» **The problem**:
Copy the lines below exactly. Start at the first and finish with the line containing "- [Manufacturing](/manufacturing/)".
* * * * *
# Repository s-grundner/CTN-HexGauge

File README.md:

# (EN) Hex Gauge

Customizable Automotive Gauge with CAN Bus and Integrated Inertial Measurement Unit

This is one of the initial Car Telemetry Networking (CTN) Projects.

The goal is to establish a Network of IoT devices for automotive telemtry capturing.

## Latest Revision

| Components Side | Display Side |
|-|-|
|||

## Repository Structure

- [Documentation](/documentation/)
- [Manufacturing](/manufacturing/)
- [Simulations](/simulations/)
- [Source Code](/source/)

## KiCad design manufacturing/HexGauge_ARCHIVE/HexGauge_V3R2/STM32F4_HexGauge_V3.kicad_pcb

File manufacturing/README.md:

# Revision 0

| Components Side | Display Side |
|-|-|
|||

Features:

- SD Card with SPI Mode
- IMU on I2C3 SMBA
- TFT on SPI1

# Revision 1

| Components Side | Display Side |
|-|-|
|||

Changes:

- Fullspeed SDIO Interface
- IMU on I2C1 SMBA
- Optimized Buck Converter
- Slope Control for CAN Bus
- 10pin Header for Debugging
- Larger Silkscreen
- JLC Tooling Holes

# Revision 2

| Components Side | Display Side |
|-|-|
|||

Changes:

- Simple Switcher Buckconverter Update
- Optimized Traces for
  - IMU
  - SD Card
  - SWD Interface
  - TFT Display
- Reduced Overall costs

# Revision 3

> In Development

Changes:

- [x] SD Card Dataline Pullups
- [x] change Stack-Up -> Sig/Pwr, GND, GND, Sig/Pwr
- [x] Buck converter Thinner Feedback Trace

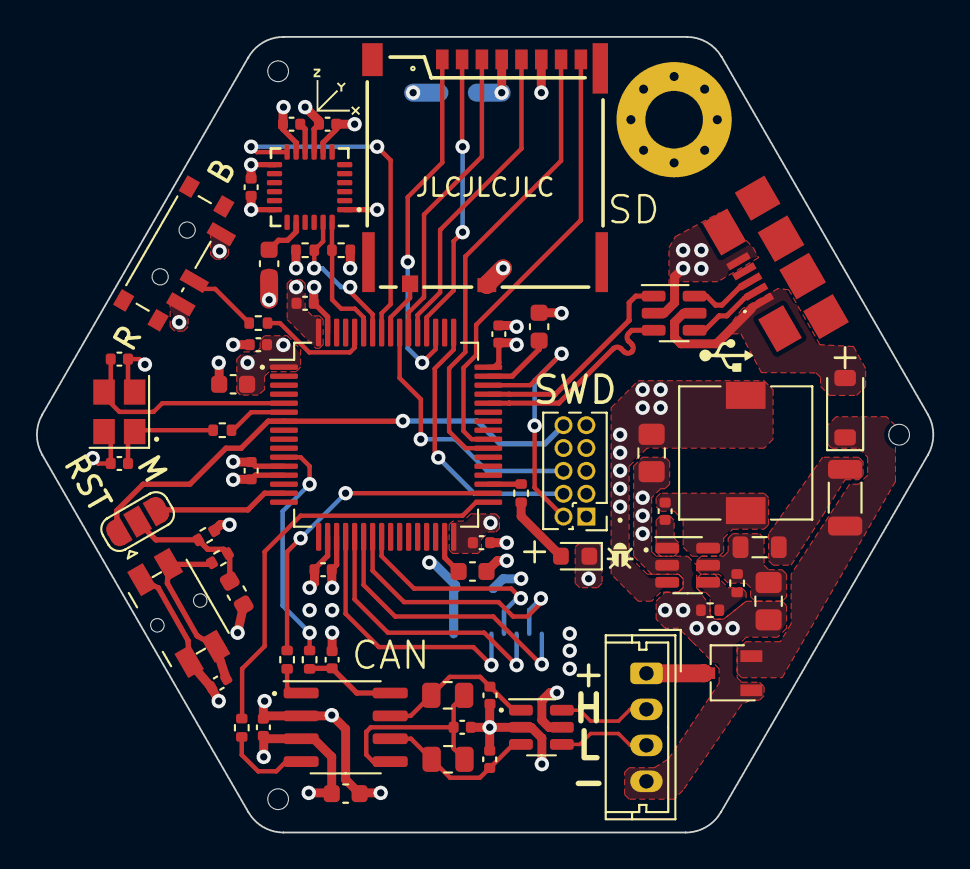
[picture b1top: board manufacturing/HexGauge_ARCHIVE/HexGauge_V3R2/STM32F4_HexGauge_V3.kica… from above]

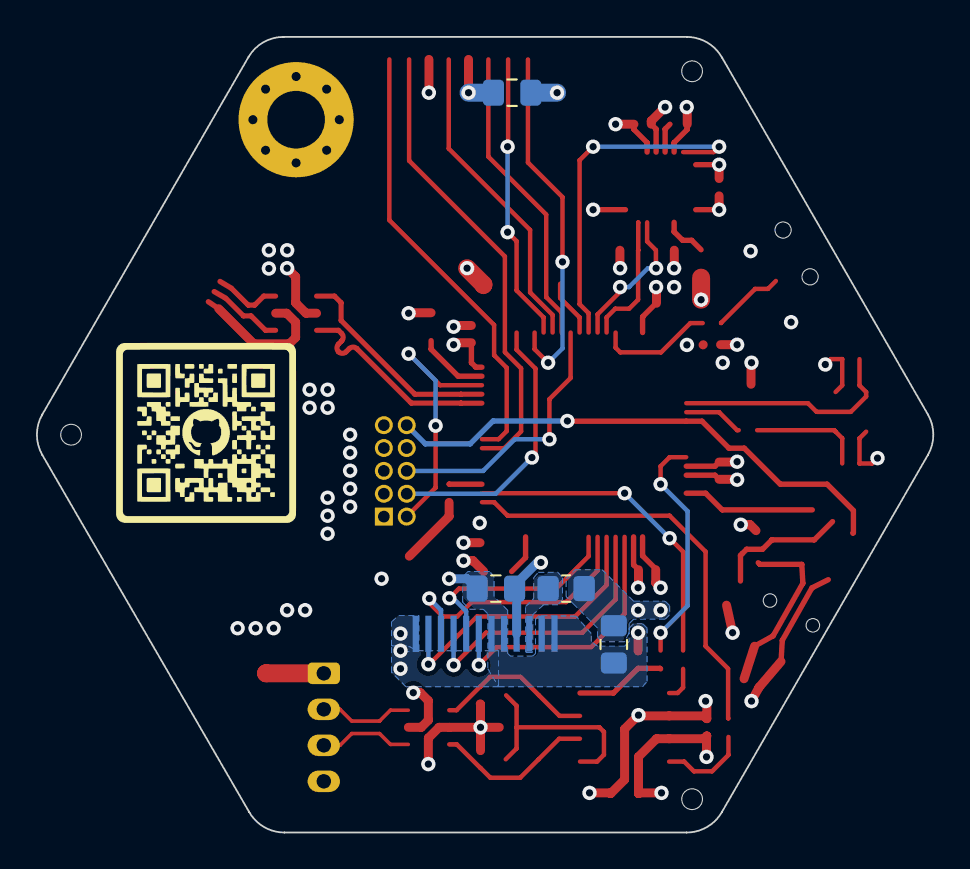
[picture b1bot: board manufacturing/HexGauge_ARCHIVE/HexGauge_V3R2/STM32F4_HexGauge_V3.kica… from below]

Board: 4 copper layers, 49.8 x 44.2 mm, 69 parts (5 on the bottom side), 59 nets.

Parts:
C1, C8, C12, C13, C17, C26: 2u2; C_0603_1608Metric
C2, C3, C4, C5, C6, C7, C9, C16, C18, C20, C21, C22, C23, C24, C25: 100n; C_0402_1005Metric
C10, C11: 12p; C_0402_1005Metric
C14, C29: 2u2; C_0805_2012Metric_Pad1.18x1.45mm_HandSolder
C15: 10u; C_0805_2012Metric_Pad1.18x1.45mm_HandSolder
C19: 10n; C_0402_1005Metric
C27, C28: 100n; C_0805_2012Metric_Pad1.18x1.45mm_HandSolder
D1: White; LED_0603_1608Metric
D2: B5819W; D_SOD-123
F1: 1A; L_1206_3216Metric
FB1: 100 @ 100MHz; L_0805_2012Metric
H1: ER_TFT128-1
H2: MountingHole; MountingHole_3.2mm_M3_Pad_Via
H3, H4, H5: JLC_Tooling
J1: USB_B_Micro; 101181920002LF
J3: Micro_SD_Card; 503398-1892
J4: Conn_01x04_Pin; Molex_Micro-Latch_53253-0470_1x04_P2.00mm_Vertical
J5: Conn_02x05_Odd_Even; PinHeader_2x05_P1.27mm_Vertical
JP1: Jumper_3_Bridged12; SolderJumper-3_P1.3mm_Open_RoundedPad1.0x1.5mm
L1: 3u3; L_7.3x7.3_H4.5
Q1: Q_PMOS_GSD; TSOT-23
R1: 10k; R_0402_1005Metric
R2, R3: 10R; R_0402_1005Metric
R4, R12, R14: 47R; R_0402_1005Metric
R5, R6, R7: 1k5; R_0402_1005Metric
R10, R16, R18: 100k; R_0402_1005Metric
R13, R15: 56R; R_0805_2012Metric
R17: 10R; R_0805_2012Metric_Pad1.20x1.40mm_HandSolder
SW1: SW_Panasonic_EVQPUC; Panasonic_EVQPUL_EVQPUC
SW2: SW_SPDT; SW_SPDT_PCM12
U1: STM32F405RGT6; LQFP-64_10x10mm_P0.5mm
U2: LMR16006YQ3; SOT-23-6
U3: SN65HVD230; SOIC-8_3.9x4.9mm_P1.27mm
U4, U6: USBLC6-2; SOT-23-6
U5: MPU-6050; InvenSense_QFN-24_4x4mm_P0.5mm
Y1: 25MHz 12pF; Crystal_SMD_3225-4Pin_3.2x2.5mm

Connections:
+3V3: C1.1, C2.1, C3.1, C4.1, C5.1, C6.1, C7.1, C15.1, C17.1, C18.1, C19.1, C20.1, C27.1, C28.1, C29.1, H1.4 (VDD), J3.4 (VDD), J5.1, L1.2, R1.1, R6.2, R7.2, R17.1, SW2.1 (A), U1.1 (VBAT), U1.13 (VDDA), U1.19 (VDD), U1.32 (VDD), U1.48 (VDD), U1.64 (VDD), U2.3 (FB), U3.3 (VCC), U4.5, U5.8 (VLOGIC), U5.13 (VDD)
+12V: J4.1, Q1.3 (D)
/Connectors/D+: J1.3 (D+), U6.6
/Connectors/D-: J1.2 (D-), U6.4
/Connectors/TFT_LEDA: H1.3 (LEDA), R17.2
/MCU/BOOT0: R2.2, U1.60 (BOOT0)
/MCU/DEBUG_LED: R5.2, U1.35 (PB14)
/MCU/HSE_IN: C10.1, U1.5 (PH0), Y1.3
/MCU/HSE_OUT: R4.2, U1.6 (PH1)
/MCU/VCAP_1: C12.1, U1.31 (VCAP_1)
/MCU/VCAP_2: C13.1, U1.47 (VCAP_2)
/MCU/XTAL_IN: C11.1, R4.1, Y1.1
/PMU/BUCK_BST: C16.1, U2.1 (CB)
/PMU/BUCK_EN: R10.2, R18.1, U2.4 (~SHDN)
/PMU/BUCK_IN: C14.1, FB1.2, R10.1, U2.5 (VIN)
/PMU/BUCK_OUT: C16.2, L1.1, U2.6 (SW)
/PMU/POST_FUSE: F1.2, FB1.1
/PMU/POST_POL: D2.1 (K), F1.1, Q1.2 (S)
/Sensors/CAN+: C21.1, R13.2, U3.7 (CANH), U4.1
/Sensors/CAN-: C23.2, R15.1, U3.6 (CANL), U4.3
/Sensors/CAN_RS: C24.1, R16.2, U3.8 (Rs)
/Sensors/VREF: C22.1, R13.1, R15.2, U3.5 (Vref)
BTN: JP1.3 (B), U1.15 (PA1)
CAN_CONN+: J4.2, U4.6
CAN_CONN-: J4.3, U4.4
CAN_RX: R14.1, U1.33 (PB12)
CAN_SC: R16.1, U1.11 (PC3)
CAN_TX: R12.1, U1.34 (PB13)
GND: C1.2, C2.2, C3.2, C4.2, C5.2, C6.2, C7.2, C8.2, C9.2, C10.2, C11.2, C12.2, C13.2, C14.2, C15.2, C17.2, C18.2, C19.2, C20.2, C21.2, C22.2, C23.1, C24.2, C25.2, C26.2, C27.2, C28.2, C29.2, D1.1 (K), H1.1 (GND), H1.2 (LEDK), H1.5 (GND), H1.6 (GND), H1.12 (GND), J1.5 (GND), J3.6 (VSS), J3.10 (SHIELD), J4.4, J5.3, J5.5, J5.9, Q1.1 (G), R18.2, SW1.1, SW2.3 (C), U1.12 (VSSA), U1.18 (VSS), U1.63 (VSS), U2.2 (GND), U3.2 (GND), U4.2, U5.1 (CLKIN), U5.9 (AD0), U5.11 (FSYNC), U5.18 (GND), U6.2, Y1.2, Y1.4
IMU_INT: U1.57 (PB5), U5.12 (INT)
IMU_SCL: R6.1, U1.58 (PB6), U5.23 (SCL)
IMU_SDA: R7.1, U1.59 (PB7), U5.24 (SDA)
NRST: J5.10, JP1.1 (A), U1.7 (NRST)
unnamed: C9.1, R3.2, SW1.2
unnamed: D1.2 (A), R5.1
unnamed: C8.1, JP1.2 (C), R1.2, R3.1
unnamed: R2.1, SW2.2 (B)
unnamed: R12.2, U3.1 (D)
unnamed: R14.2, U3.4 (R)
unnamed: C26.1, U5.20 (CPOUT)
unnamed: C25.1, U5.10 (REGOUT)
SD_CLK: J3.5 (CLK), U1.53 (PC12)
SD_CMD: J3.3 (CMD), U1.54 (PD2)
SD_DAT0: J3.7 (DAT0), U1.39 (PC8)
SD_DAT1: J3.8 (DAT1), U1.40 (PC9)
SD_DAT2: J3.1 (DAT2), U1.51 (PC10)
SD_DAT3: J3.2 (DAT3/CD), U1.52 (PC11)
SD_DET: J3.9 (DET), U1.56 (PB4)
SWCLK: J5.4, U1.49 (PA14)
SWDIO: J5.2, U1.46 (PA13)
SWO: J5.6, U1.55 (PB3)
TFT_CS: H1.8 (CS), U1.24 (PC4)
TFT_DC: H1.7 (DC), U1.20 (PA4)
TFT_MOSI: H1.10 (MOSI), U1.23 (PA7)
TFT_RST: H1.11 (RST), U1.22 (PA6)
TFT_SCK: H1.9 (SCK), U1.21 (PA5)
USB_D+: U1.45 (PA12), U6.1
USB_D-: U1.44 (PA11), U6.3
VBUS: D2.2 (A), J1.1 (VBUS), U6.5

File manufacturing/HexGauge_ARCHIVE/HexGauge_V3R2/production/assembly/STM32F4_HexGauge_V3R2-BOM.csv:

Comment,Designator,Footprint,LCSC
2u2,"C1, C8, C12, C13, C17, C26",Capacitor_SMD:C_0603_1608Metric,C23630
100n,"C2, C3, C4, C5, C6, C7, C9, C16, C18, C20, C21, C22, C23, C24, C25",Capacitor_SMD:C_0402_1005Metric,C1525
12p,"C10, C11",Capacitor_SMD:C_0402_1005Metric,C1547
10n,C19,Capacitor_SMD:C_0402_1005Metric,C15195
White,D1,LED_SMD:LED_0603_1608Metric,C2290
B5819W,D2,Diode_SMD:D_SOD-123,C8598
1A,F1,Inductor_SMD:L_1206_3216Metric,C209741
100 @ 100MHz,FB1,Inductor_SMD:L_0805_2012Metric,C1015
USB_B_Micro,J1,SamacSys_Parts:101181920002LF,C397452
Micro_SD_Card,J3,SamacSys_Parts:503398-1892,C428492
Q_PMOS_GSD,Q1,Package_TO_SOT_SMD:TSOT-23,C15127
10k,R1,Resistor_SMD:R_0402_1005Metric,C25744
10R,"R2, R3",Resistor_SMD:R_0402_1005Metric,C25077
47R,"R4, R12, R14",Resistor_SMD:R_0402_1005Metric,C25118
1k5,"R5, R6, R7",Resistor_SMD:R_0402_1005Metric,C25867
100k,"R10, R16, R18",Resistor_SMD:R_0402_1005Metric,C25741
56R,"R13, R15",Resistor_SMD:R_0805_2012Metric,C17757
SW_Panasonic_EVQPUC,SW1,Button_Switch_SMD:Panasonic_EVQPUL_EVQPUC,C79174
SW_SPDT,SW2,Button_Switch_SMD:SW_SPDT_PCM12,C221841
STM32F405RGT6,U1,Package_QFP:LQFP-64_10x10mm_P0.5mm,C15742
SN65HVD230,U3,Package_SO:SOIC-8_3.9x4.9mm_P1.27mm,C12084
USBLC6-2,"U4, U6",Package_TO_SOT_SMD:SOT-23-6,C7519
MPU-6050,U5,Sensor_Motion:InvenSense_QFN-24_4x4mm_P0.5mm,C24112
25MHz 12pF,Y1,Crystal:Crystal_SMD_3225-4Pin_3.2x2.5mm,C9006

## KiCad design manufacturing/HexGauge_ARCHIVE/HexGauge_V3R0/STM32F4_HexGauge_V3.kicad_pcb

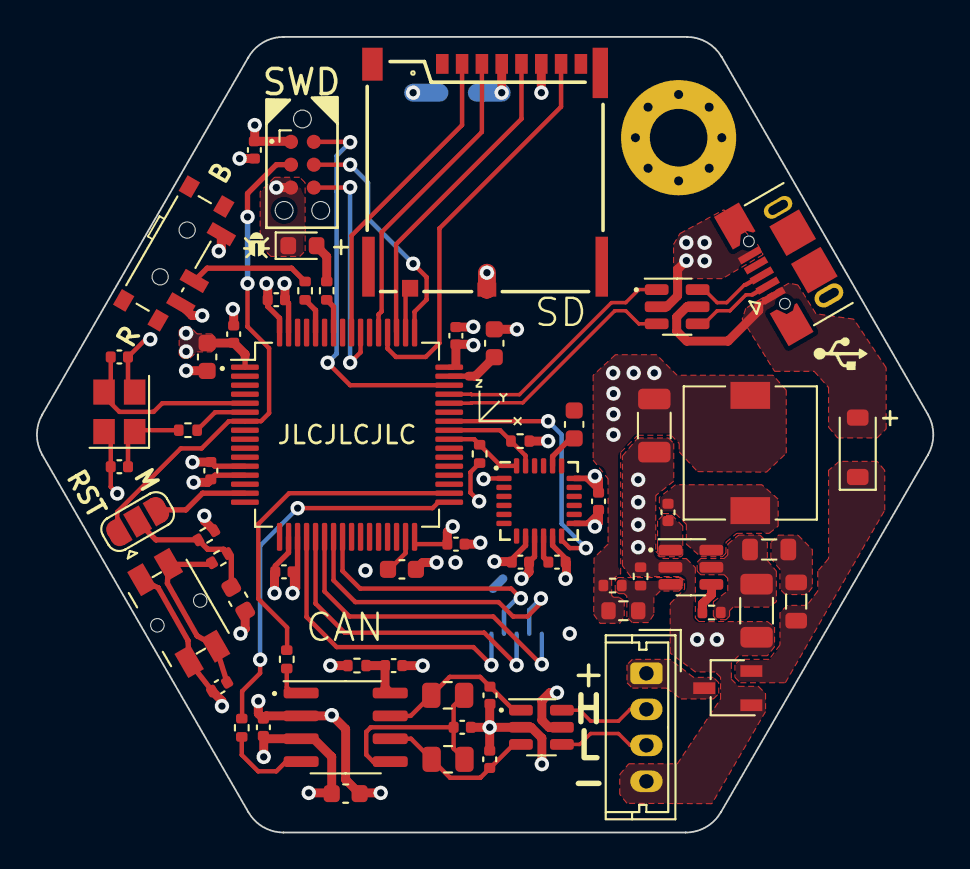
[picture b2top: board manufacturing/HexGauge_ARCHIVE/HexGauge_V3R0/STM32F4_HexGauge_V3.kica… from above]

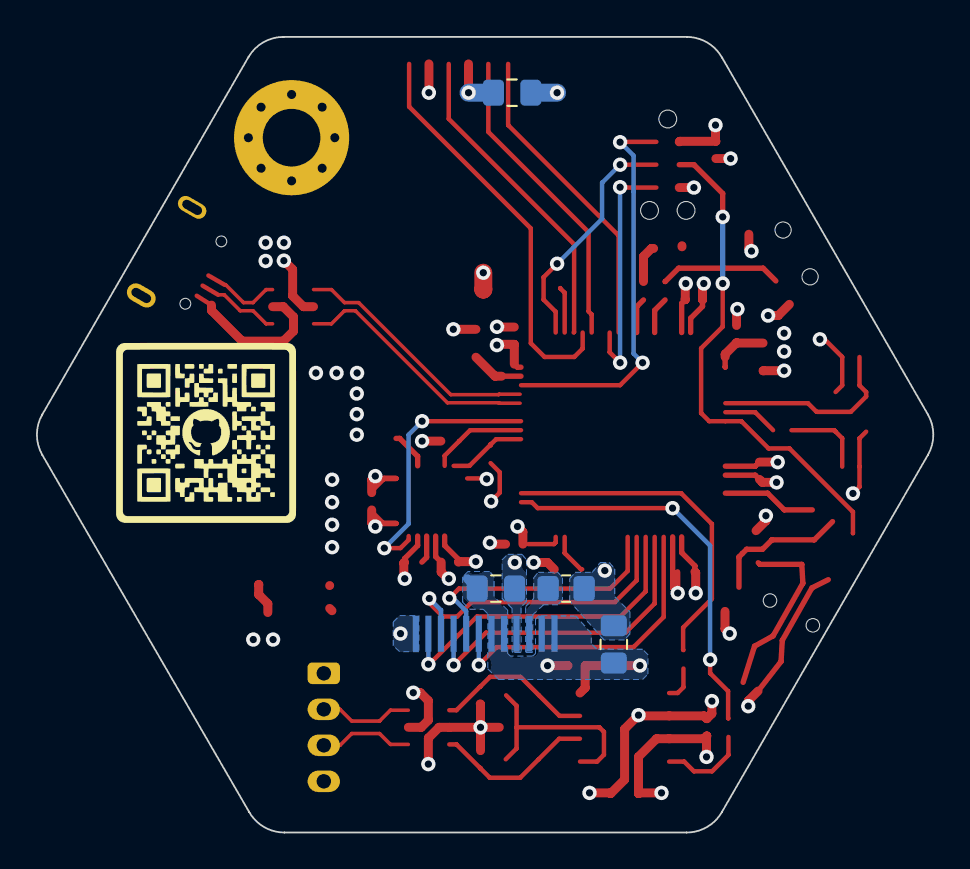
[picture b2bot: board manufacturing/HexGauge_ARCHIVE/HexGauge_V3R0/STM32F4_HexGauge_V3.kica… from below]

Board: 4 copper layers, 49.8 x 44.2 mm, 69 parts (5 on the bottom side), 57 nets.

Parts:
C1, C9, C10, C15, C24, C27: 2u2; C_0603_1608Metric
C2, C3, C4, C5, C6, C16, C18, C19, C20, C21, C22, C23, C28, C29: 100n; C_0402_1005Metric
C7, C8: 12p; C_0402_1005Metric
C11: 22n; C_0402_1005Metric
C12: 470n; C_0402_1005Metric
C13, C14: 47u; C_1206_3216Metric
C17: 10n; C_0402_1005Metric
C25, C30: 100n; C_0805_2012Metric_Pad1.18x1.45mm_HandSolder
C26: 2u2; C_0805_2012Metric_Pad1.18x1.45mm_HandSolder
D1: B5819W; D_SOD-123
D2: White; LED_0603_1608Metric
F1: 1A; L_0805_2012Metric
FB1: 100 @ 100MHz; L_0805_2012Metric
H1: ER_TFT128-1
H2: MountingHole; MountingHole_3.2mm_M3_Pad_Via
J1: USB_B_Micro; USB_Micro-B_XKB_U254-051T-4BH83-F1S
* * * * *
» **Solution to the exercise**:
# Repository s-grundner/CTN-HexGauge

File README.md:

# (EN) Hex Gauge

Customizable Automotive Gauge with CAN Bus and Integrated Inertial Measurement Unit

This is one of the initial Car Telemetry Networking (CTN) Projects.

The goal is to establish a Network of IoT devices for automotive telemtry capturing.

## Latest Revision

| Components Side | Display Side |
|-|-|
|||

## Repository Structure

- [Documentation](/documentation/)
- [Manufacturing](/manufacturing/)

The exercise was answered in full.